Following the logic of efficiency, meat production has moved towards greater intensification and specialisation of production, which by some measures reduces the carbon footprint per unit of food output compared to extensive livestock production. But the picture is quickly complicated by evidence that grasslands used in extensive farming systems act as carbon sinks, and intensively reared livestock is fed on crops grown on previously forested land. Demand for soya is a significant driver of deforestation and therefore of emissions related to deforestation – factors that are usually not included in the carbon footprint analyses of farm systems. Which brings us back to the original question of which inputs and which outputs to include in the efficiency equation and how far back along the ‘Life Cycle Analysis’ chain should one go for a more accurate estimate?

A good example of how different efficiency lenses produce different results, comes from a research paper by Weiler et al. (2014) entitled Handling multi-functionality of livestock in a life cycle assessment: the case of smallholder dairying in Kenya. Comparing a conventional intensive dairy farm with a smallholder dairy, the authors find that the conventional dairy farm performs better than the smallholder farm when solely food outputs (meat and milk) are included in the efficiency equation.

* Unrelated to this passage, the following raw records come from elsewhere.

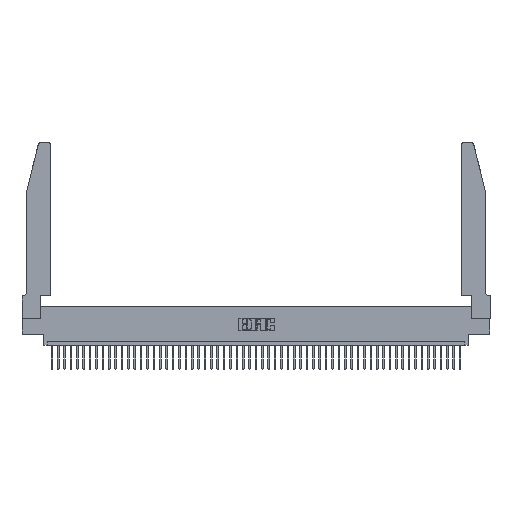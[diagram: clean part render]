
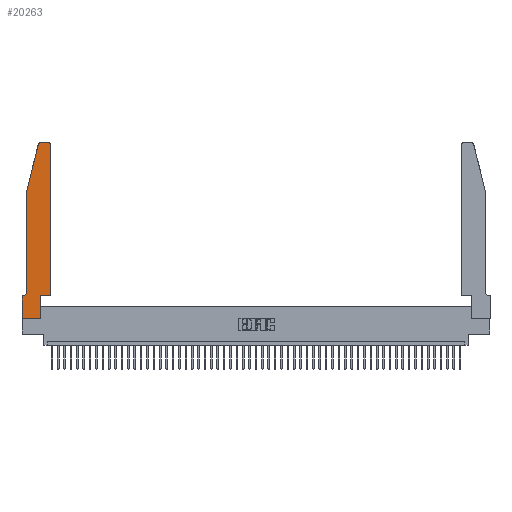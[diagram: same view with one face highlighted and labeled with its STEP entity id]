
A CAD part, top view. The second image highlights one B-rep face of the part: STEP entity #20263.
In plain terms, the highlighted planar face has unit normal (0, 0, 1).
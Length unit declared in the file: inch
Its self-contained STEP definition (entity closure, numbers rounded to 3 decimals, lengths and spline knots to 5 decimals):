
#459 = DIRECTION ( 'NONE',  ( 1., 0., 0. ) ) ;
#706 = EDGE_LOOP ( 'NONE', ( #3017, #39404, #4164, #45291, #49149, #41957, #37089, #30119, #42808, #4336, #33029, #29419 ) ) ;
#1992 = VERTEX_POINT ( 'NONE', #14226 ) ;
#2265 = DIRECTION ( 'NONE',  ( 0., -1., 0. ) ) ;
#2662 = AXIS2_PLACEMENT_3D ( 'NONE', #18027, #21982, #49356 ) ;
#3017 = ORIENTED_EDGE ( 'NONE', *, *, #15027, .T. ) ;
#3631 = VERTEX_POINT ( 'NONE', #26119 ) ;
#3850 = CARTESIAN_POINT ( 'NONE',  ( 0., 0., 0.37 ) ) ;
#3963 = VECTOR ( 'NONE', #6554, 39.37008 ) ;
#4164 = ORIENTED_EDGE ( 'NONE', *, *, #29628, .T. ) ;
#4336 = ORIENTED_EDGE ( 'NONE', *, *, #35178, .T. ) ;
#4582 = VERTEX_POINT ( 'NONE', #21841 ) ;
#5741 = FACE_OUTER_BOUND ( 'NONE', #706, .T. ) ;
#6114 = VECTOR ( 'NONE', #7380, 39.37008 ) ;
#6554 = DIRECTION ( 'NONE',  ( 1., 0., 0. ) ) ;
#7377 = LINE ( 'NONE', #17544, #37493 ) ;
#7380 = DIRECTION ( 'NONE',  ( 1., 0., 0. ) ) ;
#8082 = DIRECTION ( 'NONE',  ( 0., 0., -1. ) ) ;
#8732 = VECTOR ( 'NONE', #10609, 39.37008 ) ;
#8818 = CARTESIAN_POINT ( 'NONE',  ( 0.2865, 0.35, 0.37 ) ) ;
#9582 = VECTOR ( 'NONE', #23902, 39.37008 ) ;
#10085 = CARTESIAN_POINT ( 'NONE',  ( 0.2865, 0.35, 0.37 ) ) ;
#10609 = DIRECTION ( 'NONE',  ( -1., 0., 0. ) ) ;
#11489 = EDGE_CURVE ( 'NONE', #36728, #36637, #44785, .T. ) ;
#12090 = EDGE_CURVE ( 'NONE', #23364, #1992, #50145, .T. ) ;
#13946 = CARTESIAN_POINT ( 'NONE',  ( 0.4505, 0.35, 0.37 ) ) ;
#14226 = CARTESIAN_POINT ( 'NONE',  ( 0.25487, 2.72718, 0.37 ) ) ;
#14654 = CARTESIAN_POINT ( 'NONE',  ( 0.2865, 0., 0.37 ) ) ;
#15027 = EDGE_CURVE ( 'NONE', #23574, #23364, #29609, .T. ) ;
#16621 = VERTEX_POINT ( 'NONE', #18193 ) ;
#16700 = AXIS2_PLACEMENT_3D ( 'NONE', #23696, #8082, #35570 ) ;
#17459 = EDGE_CURVE ( 'NONE', #4582, #36728, #42775, .T. ) ;
#17544 = CARTESIAN_POINT ( 'NONE',  ( 0.0755, 0.35, 0.37 ) ) ;
#18027 = CARTESIAN_POINT ( 'NONE',  ( 0.284, 2.72, 0.37 ) ) ;
#18193 = CARTESIAN_POINT ( 'NONE',  ( 0.4505, 2.72, 0.37 ) ) ;
#18260 = CARTESIAN_POINT ( 'NONE',  ( 0.4205, 2.75, 0.37 ) ) ;
#19628 = CIRCLE ( 'NONE', #16700, 0.07 ) ;
#19784 = CARTESIAN_POINT ( 'NONE',  ( 0.4505, 0.35, 0.37 ) ) ;
#20263 = ADVANCED_FACE ( 'NONE', ( #5741 ), #24157, .T. ) ;
#21841 = CARTESIAN_POINT ( 'NONE',  ( 0., 0.35, 0.37 ) ) ;
#21982 = DIRECTION ( 'NONE',  ( 0., 0., 1. ) ) ;
#22023 = DIRECTION ( 'NONE',  ( -1., 0., 0. ) ) ;
#23338 = CIRCLE ( 'NONE', #39169, 0.03 ) ;
#23364 = VERTEX_POINT ( 'NONE', #24600 ) ;
#23574 = VERTEX_POINT ( 'NONE', #18260 ) ;
#23696 = CARTESIAN_POINT ( 'NONE',  ( 0.0055, 0.42, 0.37 ) ) ;
#23902 = DIRECTION ( 'NONE',  ( 0., 1., 0. ) ) ;
#24157 = PLANE ( 'NONE',  #32321 ) ;
#24190 = VERTEX_POINT ( 'NONE', #10085 ) ;
#24600 = CARTESIAN_POINT ( 'NONE',  ( 0.284, 2.75, 0.37 ) ) ;
#24774 = DIRECTION ( 'NONE',  ( 0., 1., 0. ) ) ;
#26119 = CARTESIAN_POINT ( 'NONE',  ( 0.0755, 2., 0.37 ) ) ;
#26239 = VECTOR ( 'NONE', #32547, 39.37008 ) ;
#27273 = LINE ( 'NONE', #29907, #3963 ) ;
#28059 = LINE ( 'NONE', #39896, #26239 ) ;
#28099 = DIRECTION ( 'NONE',  ( 0., 0., 1. ) ) ;
#28902 = CARTESIAN_POINT ( 'NONE',  ( 0.2605, 2.75, 0.37 ) ) ;
#29419 = ORIENTED_EDGE ( 'NONE', *, *, #38082, .T. ) ;
#29449 = DIRECTION ( 'NONE',  ( 0., 0., 1. ) ) ;
#29536 = CARTESIAN_POINT ( 'NONE',  ( 0.0755, 2., 0.37 ) ) ;
#29609 = LINE ( 'NONE', #28902, #8732 ) ;
#29628 = EDGE_CURVE ( 'NONE', #1992, #3631, #28059, .T. ) ;
#29907 = CARTESIAN_POINT ( 'NONE',  ( 0.4505, 0.35, 0.37 ) ) ;
#30119 = ORIENTED_EDGE ( 'NONE', *, *, #11489, .T. ) ;
#30796 = LINE ( 'NONE', #29536, #38768 ) ;
#30923 = CARTESIAN_POINT ( 'NONE',  ( 0., 0., 0.37 ) ) ;
#30957 = CARTESIAN_POINT ( 'NONE',  ( 0.0055, 0.35, 0.37 ) ) ;
#32092 = DIRECTION ( 'NONE',  ( 1., 0., 0. ) ) ;
#32321 = AXIS2_PLACEMENT_3D ( 'NONE', #48116, #28099, #32092 ) ;
#32547 = DIRECTION ( 'NONE',  ( -0.239, -0.971, 0. ) ) ;
#33029 = ORIENTED_EDGE ( 'NONE', *, *, #50465, .T. ) ;
#33993 = CARTESIAN_POINT ( 'NONE',  ( 0.0755, 0.42, 0.37 ) ) ;
#34772 = LINE ( 'NONE', #19784, #9582 ) ;
#35178 = EDGE_CURVE ( 'NONE', #24190, #47282, #27273, .T. ) ;
#35570 = DIRECTION ( 'NONE',  ( -1., 0., 0. ) ) ;
#35874 = DIRECTION ( 'NONE',  ( 0., -1., 0. ) ) ;
#36637 = VERTEX_POINT ( 'NONE', #14654 ) ;
#36728 = VERTEX_POINT ( 'NONE', #3850 ) ;
#37076 = EDGE_CURVE ( 'NONE', #3631, #42647, #30796, .T. ) ;
#37089 = ORIENTED_EDGE ( 'NONE', *, *, #17459, .T. ) ;
#37493 = VECTOR ( 'NONE', #22023, 39.37008 ) ;
#38082 = EDGE_CURVE ( 'NONE', #16621, #23574, #23338, .T. ) ;
#38768 = VECTOR ( 'NONE', #2265, 39.37008 ) ;
#38890 = CARTESIAN_POINT ( 'NONE',  ( 0.4205, 2.72, 0.37 ) ) ;
#39169 = AXIS2_PLACEMENT_3D ( 'NONE', #38890, #29449, #459 ) ;
#39404 = ORIENTED_EDGE ( 'NONE', *, *, #12090, .T. ) ;
#39896 = CARTESIAN_POINT ( 'NONE',  ( 0.0755, 2., 0.37 ) ) ;
#41957 = ORIENTED_EDGE ( 'NONE', *, *, #45415, .T. ) ;
#42647 = VERTEX_POINT ( 'NONE', #33993 ) ;
#42775 = LINE ( 'NONE', #47784, #50096 ) ;
#42808 = ORIENTED_EDGE ( 'NONE', *, *, #47118, .T. ) ;
#44785 = LINE ( 'NONE', #30923, #6114 ) ;
#44945 = VERTEX_POINT ( 'NONE', #30957 ) ;
#45291 = ORIENTED_EDGE ( 'NONE', *, *, #37076, .T. ) ;
#45415 = EDGE_CURVE ( 'NONE', #44945, #4582, #7377, .T. ) ;
#45728 = EDGE_CURVE ( 'NONE', #42647, #44945, #19628, .T. ) ;
#47118 = EDGE_CURVE ( 'NONE', #36637, #24190, #49191, .T. ) ;
#47282 = VERTEX_POINT ( 'NONE', #13946 ) ;
#47784 = CARTESIAN_POINT ( 'NONE',  ( 0., 0., 0.37 ) ) ;
#48116 = CARTESIAN_POINT ( 'NONE',  ( 0., 0.35, 0.37 ) ) ;
#49149 = ORIENTED_EDGE ( 'NONE', *, *, #45728, .T. ) ;
#49191 = LINE ( 'NONE', #8818, #50409 ) ;
#49356 = DIRECTION ( 'NONE',  ( 1., 0., 0. ) ) ;
#50096 = VECTOR ( 'NONE', #35874, 39.37008 ) ;
#50145 = CIRCLE ( 'NONE', #2662, 0.03 ) ;
#50409 = VECTOR ( 'NONE', #24774, 39.37008 ) ;
#50465 = EDGE_CURVE ( 'NONE', #47282, #16621, #34772, .T. ) ;

Once other outputs are included, such as the manure for fertiliser, the finance and insurance provided by the cattle, and the non-tangible value that the cattle hold in the farmers’ lives, the carbon footprint of the smallholder farm becomes much more similar to that of the intensive production system.

The main challenge facing researchers and policy makers that are making use of tools such as Life Cycle Analysis to measure and compare the efficiency of farming systems is to account for all the linkages between inputs and outputs, impacts and benefits across a wide range of categories. Slightly sidestepping this challenge, and offering a “re-orientation of the discourse”, the authors of the FCRN paper suggest that we start thinking instead about effectiveness. They conclude their wide-ranging analysis of efficiency by stating that: “Effectiveness – which we deliberately do not define – simply by shifting the emphasis onto ends rather than means, enables us to talk openly about our values” (p.48).

Values clearly need to be an important part of the analysis, given that part of the problem with measuring efficiency lies in quantifying the unquantifiable or non-tangible. But let’s not throw the efficiency baby out with the bathwater of complexity. Great advances have been made, and continue to be made, by people working on measuring the inputs, outputs and impacts of various farming systems. For example, the European Nitrogen Assessment, which recently estimated the overall environmental costs of all ‘reactive nitrogen’ losses in Europe at 70–320 billion per year, has played an important role in highlighting the serious threats posed by excess nitrogen in the environment. Quantifying environmental and, where possible, other inputs and outputs in food production systems will continue to provide important insight into the differences between farming methods and ultimately empower us to choose a more effective one.